The result is a chest balm that smells like a real herb garden, releases aromatic compounds gradually for hours, and draws on centuries of herbal wisdom rather than a single isolated compound.

This product is not intended to diagnose, treat, cure, or prevent any disease. The information in this post is for educational purposes and reflects traditional herbal knowledge and published research — not medical advice. Consult your healthcare provider for any health concerns.

The best alternative to a century-old formula isn't a newer version of the same idea. It's a fundamentally different approach — one that starts with real plants and respects the traditions they come from.

Frequently Asked Questions

What can I use instead of Vicks VapoRub?

For the same aromatic cooling-and-warming experience without synthetic camphor or a petroleum base, look for a whole-herb chest balm built around eucalyptus, peppermint, spearmint, rosemary, and lemon thyme in a beeswax-and-plant-oil base.
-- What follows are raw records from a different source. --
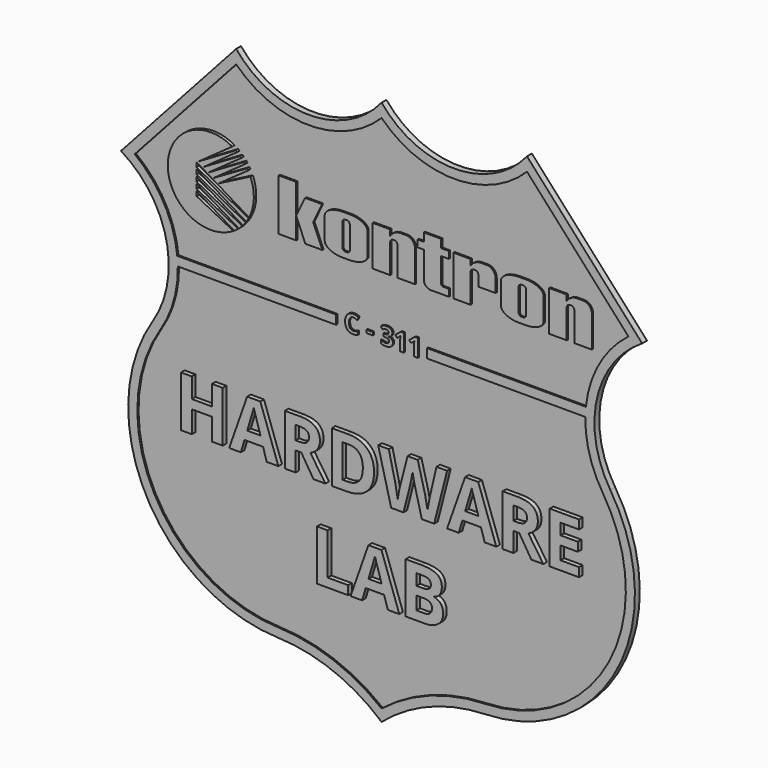
from build123d import *

# Parameters (mm, degrees)
F1_DEPTH      = 1.5
F2_DEPTH      = 0.5
F4_DEPTH      = 0.5
F5_TEXT_SIZE  = 8.0693968126
F6_DEPTH      = 0.5
F7_TEXT_SIZE  = 23.5255677177
F8_DEPTH      = 1.5
F9_DEPTH      = 1
F10_TEXT_SIZE = 23.3264580951
F11_DEPTH     = 1.5


# Not quite as in the source:
# - Text() gives the source's letters only with a copy of the font that has no kerning and outlines rounded to 1/6400 em; it was checked with that copy


with BuildPart() as f1:
    # F0 (on Front) → F1 (new body)
    with BuildSketch(Plane.XZ):
        with BuildLine():
            Line((156.4623748512, 13), (118.4623748512, 55))
            ThreePointArc((118.4623748512, 55), (94.4623748512, 43.6214168703), (70.4623748512, 55))
            ThreePointArc((70.4623748512, 55), (46.4623748512, 43.6214168703), (22.4623748512, 55))
            Line((22.4623748512, 55), (-15.5376251488, 13))
            ThreePointArc((-15.5376251488, 13), (-0.6111192408, -7.7912323471), (-5.0376251488, -33))
            ThreePointArc((-5.0376251488, -33), (-7.3094849926, -84.3223540765), (36.2328714478, -111.5842060078))
            ThreePointArc((36.2328714478, -111.5842060078), (54.4964482859, -115.3218559064), (70.4623748512, -124.9456521739))
            ThreePointArc((70.4623748512, -124.9456521739), (86.4283014165, -115.3218559064), (104.6918782546, -111.5842060078))
            ThreePointArc((104.6918782546, -111.5842060078), (148.234234695, -84.3223540765), (145.9623748512, -33))
            ThreePointArc((145.9623748512, -33), (141.5358689433, -7.7912323471), (156.4623748512, 13))
        make_face()
        with BuildLine():
            ThreePointArc((27.5723614134, 19.745571844), (28.6903368347, 13.6762247438), (27.1279654253, 7.7058111194))
            Line((27.1279654253, 7.7058111194), (9.8, 18.2))
            Line((9.8, 18.2), (9.8, 16.7))
            Line((9.8, 16.7), (26.9879537237, 7.4404873108))
            ThreePointArc((26.9879537237, 7.4404873108), (26.614342533, 6.7917137614), (26.2070574809, 6.1635327949))
            Line((26.2070574809, 6.1635327949), (9.8, 16.1))
            Line((9.8, 16.1), (9.8, 14.6))
            Line((9.8, 14.6), (26.0346697714, 5.9180078927))
            ThreePointArc((26.0346697714, 5.9180078927), (25.5780217671, 5.3164515126), (25.0900363512, 4.7400248372))
            Line((25.0900363512, 4.7400248372), (9.8, 14))
            Line((9.8, 14), (9.8, 12.5))
            Line((9.8, 12.5), (24.8878254934, 4.5184153406))
            ThreePointArc((24.8878254934, 4.5184153406), (24.3423672704, 3.9643853866), (23.7674037222, 3.4410396297))
            Line((23.7674037222, 3.4410396297), (9.8, 11.9))
            Line((9.8, 11.9), (9.8, 10.4))
            Line((9.8, 10.4), (23.5380462181, 3.2476614114))
            ThreePointArc((23.5380462181, 3.2476614114), (22.8915080931, 2.7447570116), (22.2170485866, 2.2799680742))
            Line((22.2170485866, 2.2799680742), (9.8, 9.8))
            Line((9.8, 9.8), (9.8, 8.3))
            Line((9.8, 8.3), (21.9635087632, 2.1196011265))
            ThreePointArc((21.9635087632, 2.1196011265), (0.3018885432, 13.968416191), (21.5655593046, 26.5173808788))
            Line((21.5655593046, 26.5173808788), (10.3, 18.4817355208))
            Line((10.3, 18.4817355208), (22.7054346966, 25.7892554308))
            ThreePointArc((22.7054346966, 25.7892554308), (22.9484467099, 25.6133145137), (23.1876874226, 25.4322788092))
            Line((23.1876874226, 25.4322788092), (12, 17.4521789249))
            Line((12, 17.4521789249), (24.1596372379, 24.6082375277))
            ThreePointArc((24.1596372379, 24.6082375277), (24.3773735981, 24.4018376189), (24.5907007992, 24.1908837137))
            Line((24.5907007992, 24.1908837137), (13.7, 16.422622329))
            Line((13.7, 16.422622329), (25.420447696, 23.2765534273))
            ThreePointArc((25.420447696, 23.2765534273), (25.6097684786, 23.043813903), (25.7941299736, 22.8071265901))
            Line((25.7941299736, 22.8071265901), (15.4, 15.3930657331))
            Line((15.4, 15.3930657331), (26.4951006995, 21.79983942))
            ThreePointArc((26.4951006995, 21.79983942), (26.6529834417, 21.5447255541), (26.8054412158, 21.2863330774))
            Line((26.8054412158, 21.2863330774), (17.1, 14.3635091373))
            Line((17.1, 14.3635091373), (27.5723614134, 19.745571844))
        make_face(mode=Mode.SUBTRACT)
        Polygon((42.3, 5.8), (36.5, 5.8), (36.5, 22.8), (42.3, 22.8), (42.3, 13.1), (45.2263955314, 19.1), (50.8263955314, 19.1), (47.9, 12.9), (50.9137711951, 5.8), (45.3137711951, 5.8), (42.3, 12.9), align=None, mode=Mode.SUBTRACT)
        with BuildLine():
            Line((51.7, 8.8), (51.7, 16.1))
            add(Edge.make_bspline(
                [(57.5, 19.1), (51.7, 19.1), (51.7, 16.1)],
                knots=[4.7123889804, 4.7123889804, 4.7123889804, 6.2831853072, 6.2831853072, 6.2831853072], degree=2, weights=[1, 0.7071067812, 1]))
            Line((57.5, 19.1), (60, 19.1))
            add(Edge.make_bspline(
                [(65.8, 16.1), (65.8, 19.1), (60, 19.1)],
                knots=[3.1415926536, 3.1415926536, 3.1415926536, 4.7123889804, 4.7123889804, 4.7123889804], degree=2, weights=[1, 0.7071067812, 1]))
            Line((65.8, 16.1), (65.8, 8.8))
            add(Edge.make_bspline(
                [(60, 5.8), (65.8, 5.8), (65.8, 8.8)],
                knots=[4.7123889804, 4.7123889804, 4.7123889804, 6.2831853072, 6.2831853072, 6.2831853072], degree=2, weights=[1, 0.7071067812, 1]))
            Line((60, 5.8), (57.5, 5.8))
            add(Edge.make_bspline(
                [(51.7, 8.8), (51.7, 5.8), (57.5, 5.8)],
                knots=[3.1415926536, 3.1415926536, 3.1415926536, 4.7123889804, 4.7123889804, 4.7123889804], degree=2, weights=[1, 0.7071067812, 1]))
        make_face(mode=Mode.SUBTRACT)
        with BuildLine():
            Line((67.5, 5.8), (67.5, 19.1))
            Line((67.5, 19.1), (73.3, 19.1))
            Line((73.3, 19.1), (73.3, 17.2))
            ThreePointArc((73.3, 17.2), (74.7550500371, 18.5928498393), (76.7044089061, 19.1))
            Line((76.7044089061, 19.1), (78.6002400503, 19.1))
            ThreePointArc((78.6002400503, 19.1), (80.6508497158, 18.2506096654), (81.5002400503, 16.2))
            Line((81.5002400503, 16.2), (81.5002400503, 5.8))
            Line((81.5002400503, 5.8), (75.7002400503, 5.8))
            Line((75.7002400503, 5.8), (75.7002400503, 15.4))
            ThreePointArc((75.7002400503, 15.4), (75.4073468315, 16.1071067812), (74.7002400503, 16.4))
            Line((74.7002400503, 16.4), (74.3, 16.4))
            ThreePointArc((74.3, 16.4), (73.5928932188, 16.1071067812), (73.3, 15.4))
            Line((73.3, 15.4), (73.3, 5.8))
            Line((73.3, 5.8), (67.5, 5.8))
        make_face(mode=Mode.SUBTRACT)
        with BuildLine():
            Line((84.4002400503, 16.8), (82.4002400503, 16.8))
            Line((82.4002400503, 16.8), (82.4002400503, 19.1))
            Line((82.4002400503, 19.1), (84.4002400503, 19.1))
            Line((84.4002400503, 19.1), (84.4002400503, 21.8))
            Line((84.4002400503, 21.8), (90.1002400503, 21.8))
            Line((90.1002400503, 21.8), (90.1002400503, 19.1))
            Line((90.1002400503, 19.1), (92.6768170513, 19.1))
            Line((92.6768170513, 19.1), (92.6768170513, 16.8))
            Line((92.6768170513, 16.8), (90.1002400503, 16.8))
            Line((90.1002400503, 16.8), (90.1002400503, 8.8))
            ThreePointArc((90.1002400503, 8.8), (90.3052653035, 8.3050252532), (90.8002400503, 8.1))
            Line((90.8002400503, 8.1), (92.6768170513, 8.1))
            Line((92.6768170513, 8.1), (92.6768170513, 5.8))
            Line((92.6768170513, 5.8), (86.7002400503, 5.8))
            ThreePointArc((86.7002400503, 5.8), (85.0738944536, 6.4736544033), (84.4002400503, 8.1))
            Line((84.4002400503, 8.1), (84.4002400503, 16.8))
        make_face(mode=Mode.SUBTRACT)
        with BuildLine():
            Line((94.1768170513, 5.8), (94.1768170513, 19.1))
            Line((94.1768170513, 19.1), (99.8768170513, 19.1))
            Line((99.8768170513, 19.1), (99.8768170513, 17.2))
            ThreePointArc((99.8768170513, 17.2), (101.3318670884, 18.5928498393), (103.2812259574, 19.1))
            Line((103.2812259574, 19.1), (105.1768170513, 19.1))
            ThreePointArc((105.1768170513, 19.1), (107.2274267167, 18.2506096654), (108.0768170513, 16.2))
            Line((108.0768170513, 16.2), (108.0768170513, 11.9))
            Line((108.0768170513, 11.9), (102.3768170513, 11.9))
            Line((102.3768170513, 11.9), (102.3768170513, 15.4))
            ThreePointArc((102.3768170513, 15.4), (102.0839238324, 16.1071067812), (101.3768170513, 16.4))
            Line((101.3768170513, 16.4), (100.8768170513, 16.4))
            ThreePointArc((100.8768170513, 16.4), (100.1697102701, 16.1071067812), (99.8768170513, 15.4))
            Line((99.8768170513, 15.4), (99.8768170513, 5.8))
            Line((99.8768170513, 5.8), (94.1768170513, 5.8))
        make_face(mode=Mode.SUBTRACT)
        with BuildLine():
            add(Edge.make_bspline(
                [(123.9768170513, 16.1), (123.9768170513, 19.1), (118.1768170513, 19.1)],
                knots=[0, 0, 0, 1.5707963268, 1.5707963268, 1.5707963268], degree=2, weights=[1, 0.7071067812, 1]))
            Line((123.9768170513, 16.1), (123.9768170513, 8.8))
            add(Edge.make_bspline(
                [(118.1768170513, 5.8), (123.9768170513, 5.8), (123.9768170513, 8.8)],
                knots=[4.7123889804, 4.7123889804, 4.7123889804, 6.2831853072, 6.2831853072, 6.2831853072], degree=2, weights=[1, 0.7071067812, 1]))
            Line((118.1768170513, 5.8), (115.6768170513, 5.8))
            add(Edge.make_bspline(
                [(109.8768170513, 8.8), (109.8768170513, 5.8), (115.6768170513, 5.8)],
                knots=[3.1415926536, 3.1415926536, 3.1415926536, 4.7123889804, 4.7123889804, 4.7123889804], degree=2, weights=[1, 0.7071067812, 1]))
            Line((109.8768170513, 8.8), (109.8768170513, 16.1))
            add(Edge.make_bspline(
                [(115.6768170513, 19.1), (109.8768170513, 19.1), (109.8768170513, 16.1)],
                knots=[4.7123889804, 4.7123889804, 4.7123889804, 6.2831853072, 6.2831853072, 6.2831853072], degree=2, weights=[1, 0.7071067812, 1]))
            Line((115.6768170513, 19.1), (118.1768170513, 19.1))
        make_face(mode=Mode.SUBTRACT)
        with BuildLine():
            Line((125.7768170513, 5.8), (125.7768170513, 19.1))
            Line((125.7768170513, 19.1), (131.5768170513, 19.1))
            Line((131.5768170513, 19.1), (131.5768170513, 17.2))
            ThreePointArc((131.5768170513, 17.2), (133.0318670884, 18.5928498393), (134.9812259574, 19.1))
            Line((134.9812259574, 19.1), (136.9768170513, 19.1))
            ThreePointArc((136.9768170513, 19.1), (139.0274267167, 18.2506096654), (139.8768170513, 16.2))
            Line((139.8768170513, 16.2), (139.8768170513, 5.8))
            Line((139.8768170513, 5.8), (134.0768170513, 5.8))
            Line((134.0768170513, 5.8), (134.0768170513, 15.4))
            ThreePointArc((134.0768170513, 15.4), (133.7839238324, 16.1071067812), (133.0768170513, 16.4))
            Line((133.0768170513, 16.4), (132.5768170513, 16.4))
            ThreePointArc((132.5768170513, 16.4), (131.8697102701, 16.1071067812), (131.5768170513, 15.4))
            Line((131.5768170513, 15.4), (131.5768170513, 5.8))
            Line((131.5768170513, 5.8), (125.7768170513, 5.8))
        make_face(mode=Mode.SUBTRACT)
        with BuildLine():
            Line((9.8, 18.2), (27.1279654253, 7.7058111194))
            ThreePointArc((27.1279654253, 7.7058111194), (28.6903368347, 13.6762247438), (27.5723614134, 19.745571844))
            Line((27.5723614134, 19.745571844), (17.1, 14.3635091373))
            Line((17.1, 14.3635091373), (26.8054412158, 21.2863330774))
            ThreePointArc((26.8054412158, 21.2863330774), (26.6529834417, 21.5447255541), (26.4951006995, 21.79983942))
            Line((26.4951006995, 21.79983942), (15.4, 15.3930657331))
            Line((15.4, 15.3930657331), (25.7941299736, 22.8071265901))
            ThreePointArc((25.7941299736, 22.8071265901), (25.6097684786, 23.043813903), (25.420447696, 23.2765534273))
            Line((25.420447696, 23.2765534273), (13.7, 16.422622329))
            Line((13.7, 16.422622329), (24.5907007992, 24.1908837137))
            ThreePointArc((24.5907007992, 24.1908837137), (24.3773735981, 24.4018376189), (24.1596372379, 24.6082375277))
            Line((24.1596372379, 24.6082375277), (12, 17.4521789249))
            Line((12, 17.4521789249), (23.1876874226, 25.4322788092))
            ThreePointArc((23.1876874226, 25.4322788092), (22.9484467099, 25.6133145137), (22.7054346966, 25.7892554308))
            Line((22.7054346966, 25.7892554308), (10.3, 18.4817355208))
            Line((10.3, 18.4817355208), (21.5655593046, 26.5173808788))
            ThreePointArc((21.5655593046, 26.5173808788), (0.3018885432, 13.968416191), (21.9635087632, 2.1196011265))
            Line((21.9635087632, 2.1196011265), (9.8, 8.3))
            Line((9.8, 8.3), (9.8, 9.8))
            Line((9.8, 9.8), (22.2170485866, 2.2799680742))
            ThreePointArc((22.2170485866, 2.2799680742), (22.8915080931, 2.7447570116), (23.5380462181, 3.2476614114))
            Line((23.5380462181, 3.2476614114), (9.8, 10.4))
            Line((9.8, 10.4), (9.8, 11.9))
            Line((9.8, 11.9), (23.7674037222, 3.4410396297))
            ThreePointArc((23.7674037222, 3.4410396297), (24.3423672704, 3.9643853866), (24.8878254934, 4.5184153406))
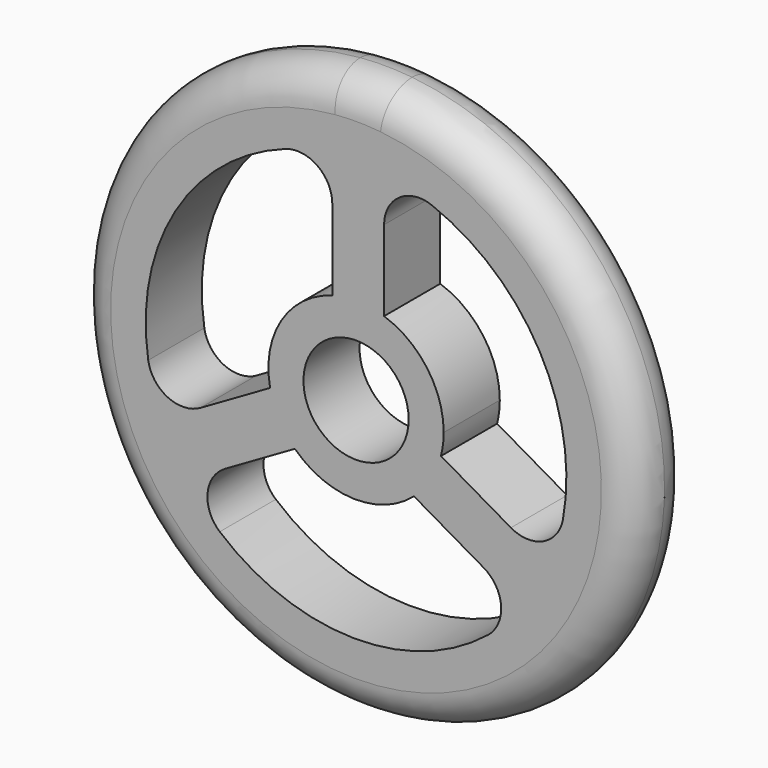
from build123d import *

# Parameters (mm, degrees)
F0_R     = 7.5
F1_DEPTH = 10
F2_R     = 4.99999


# Not quite as in the source:
# - a fillet or chamfer is up to 0.001 mm smaller than in the source, because OpenCascade refuses the exact size


with BuildPart() as f1:
    # F0 (on Front) → F1 (new body)
    with BuildSketch(Plane.XZ):
        with BuildLine():
            ThreePointArc((-3.3902032697, 39.8560725836), (-27.0591192504, -29.4585143107), (40, 0))
            ThreePointArc((40, 0), (29.6647939484, 26.83281573), (4, 39.7994974843))
            ThreePointArc((4, 39.7994974843), (0.3062077702, 39.9988279428), (-3.3902032697, 39.8560725836))
        make_face()
        with BuildLine():
            ThreePointArc((-29.6388118521, -4.6412101868), (-25.7834406394, 15.3366941937), (-10.0682439236, 28.2600506775))
            ThreePointArc((-10.0682439236, 28.2600506775), (-5.5083812132, 27.6360062099), (-3.3902032697, 23.5500422312))
            Line((-3.3902032697, 23.5500422312), (-3.3902032697, 12.0314804488))
            ThreePointArc((-3.3902032697, 12.0314804488), (0.3191719091, 12.4959245073), (4, 11.8427192823))
            Line((4, 11.8427192823), (4, 23.3238075794))
            ThreePointArc((4, 23.3238075794), (6.1715728753, 27.446913205), (10.8, 27.9885690953))
            ThreePointArc((10.8, 27.9885690953), (26.1736871016, 14.6607674939), (29.5080437608, -5.4106703294))
            ThreePointArc((29.5080437608, -5.4106703294), (26.6876740435, -9.0476050406), (22.0900364673, -8.8390189601))
            Line((22.0900364673, -8.8390189601), (12.1146693487, -3.0797380689))
            ThreePointArc((12.1146693487, -3.0797380689), (10.6622021125, -6.5243732351), (8.2560957484, -9.3854612563))
            Line((8.2560957484, -9.3854612563), (18.1990098767, -15.1260054048))
            ThreePointArc((18.1990098767, -15.1260054048), (20.6839376534, -19.0681954938), (18.8388118521, -23.3473589085))
            ThreePointArc((18.8388118521, -23.3473589085), (-0.3902464621, -29.9974616876), (-19.4397998371, -22.8493803481))
            ThreePointArc((-19.4397998371, -22.8493803481), (-21.1792928303, -18.5884011693), (-18.6998331976, -14.7110232712))
            Line((-18.6998331976, -14.7110232712), (-8.724466079, -8.95174238))
            ThreePointArc((-8.724466079, -8.95174238), (-10.9813740217, -5.9715512722), (-12.2560957484, -2.457258026))
            Line((-12.2560957484, -2.457258026), (-22.1990098767, -8.1978021746))
            ThreePointArc((-22.1990098767, -8.1978021746), (-26.8555105286, -8.3787177112), (-29.6388118521, -4.6412101868))
        make_face(mode=Mode.SUBTRACT)
        with BuildLine():
            ThreePointArc((4, 11.8427192823), (0.3191719091, 12.4959245073), (-3.3902032697, 12.0314804488))
            ThreePointArc((-3.3902032697, 12.0314804488), (-10.6622021125, 6.5243732351), (-12.2560957484, -2.457258026))
            ThreePointArc((-12.2560957484, -2.457258026), (-10.9813740217, -5.9715512722), (-8.724466079, -8.95174238))
            ThreePointArc((-8.724466079, -8.95174238), (-0.3191719091, -12.4959245073), (8.2560957484, -9.3854612563))
            ThreePointArc((8.2560957484, -9.3854612563), (10.6622021125, -6.5243732351), (12.1146693487, -3.0797380689))
            ThreePointArc((12.1146693487, -3.0797380689), (12.4032932493, -1.5518751789), (12.5, 0))
            ThreePointArc((12.5, 0), (10.1550480058, 7.2886898686), (4, 11.8427192823))
        make_face()
        Circle(F0_R, mode=Mode.SUBTRACT)
    extrude(amount=F1_DEPTH)

    # F2 (radius 5 in the source; OpenCascade refuses exactly that, so slightly less here)
    f2_edges = [f1.edges().sort_by_distance(p)[0] for p in [
        (-40, -10, 0),
        (-40, 0, 0),
    ]]
    fillet(f2_edges, radius=F2_R)


solid = f1.part

The TRPM8 cooling-receptor activation that menthol produces happens identically whether the menthol comes from a slow-infused peppermint leaf or a synthetic concentrate — so the sensation is preserved. What changes is the full compound profile reaching your skin and the base material holding it.

Is Vicks VapoRub natural?

Partly. The product contains real botanical ingredients — eucalyptus oil, cedarleaf (thuja) oil, nutmeg oil — but the active ingredients (camphor and menthol) are almost always synthesized rather than plant-extracted in mass-produced versions. Commercial camphor is manufactured from turpentine via multi-step chemical processing. The base of the product is petrolatum, a petroleum refining byproduct. So while individual herbal aromatics are present, the formulation as a whole isn't fully natural in the way a slow-infused whole-herb chest balm in a beeswax-and-plant-oil base is.

What's the difference between Vicks VapoRub and Tiger Balm?

They share the same family of actives — menthol and camphor in a petroleum-based balm — but are formulated for different uses. Vicks VapoRub uses lower camphor concentrations (~4.8%) with eucalyptus oil and turpentine oil, and is sold for chest-rub use. Tiger Balm has much higher camphor content (~25%) and is sold as a topical analgesic for muscle and joint applications. Both rely on the same TRPM8 cooling-receptor and TRPV1 warming-receptor activation; both use petroleum-derived bases. For the full Tiger Balm breakdown, see our [natural alternative to Tiger Balm](/blog/natural-alternative-to-tiger-balm) post.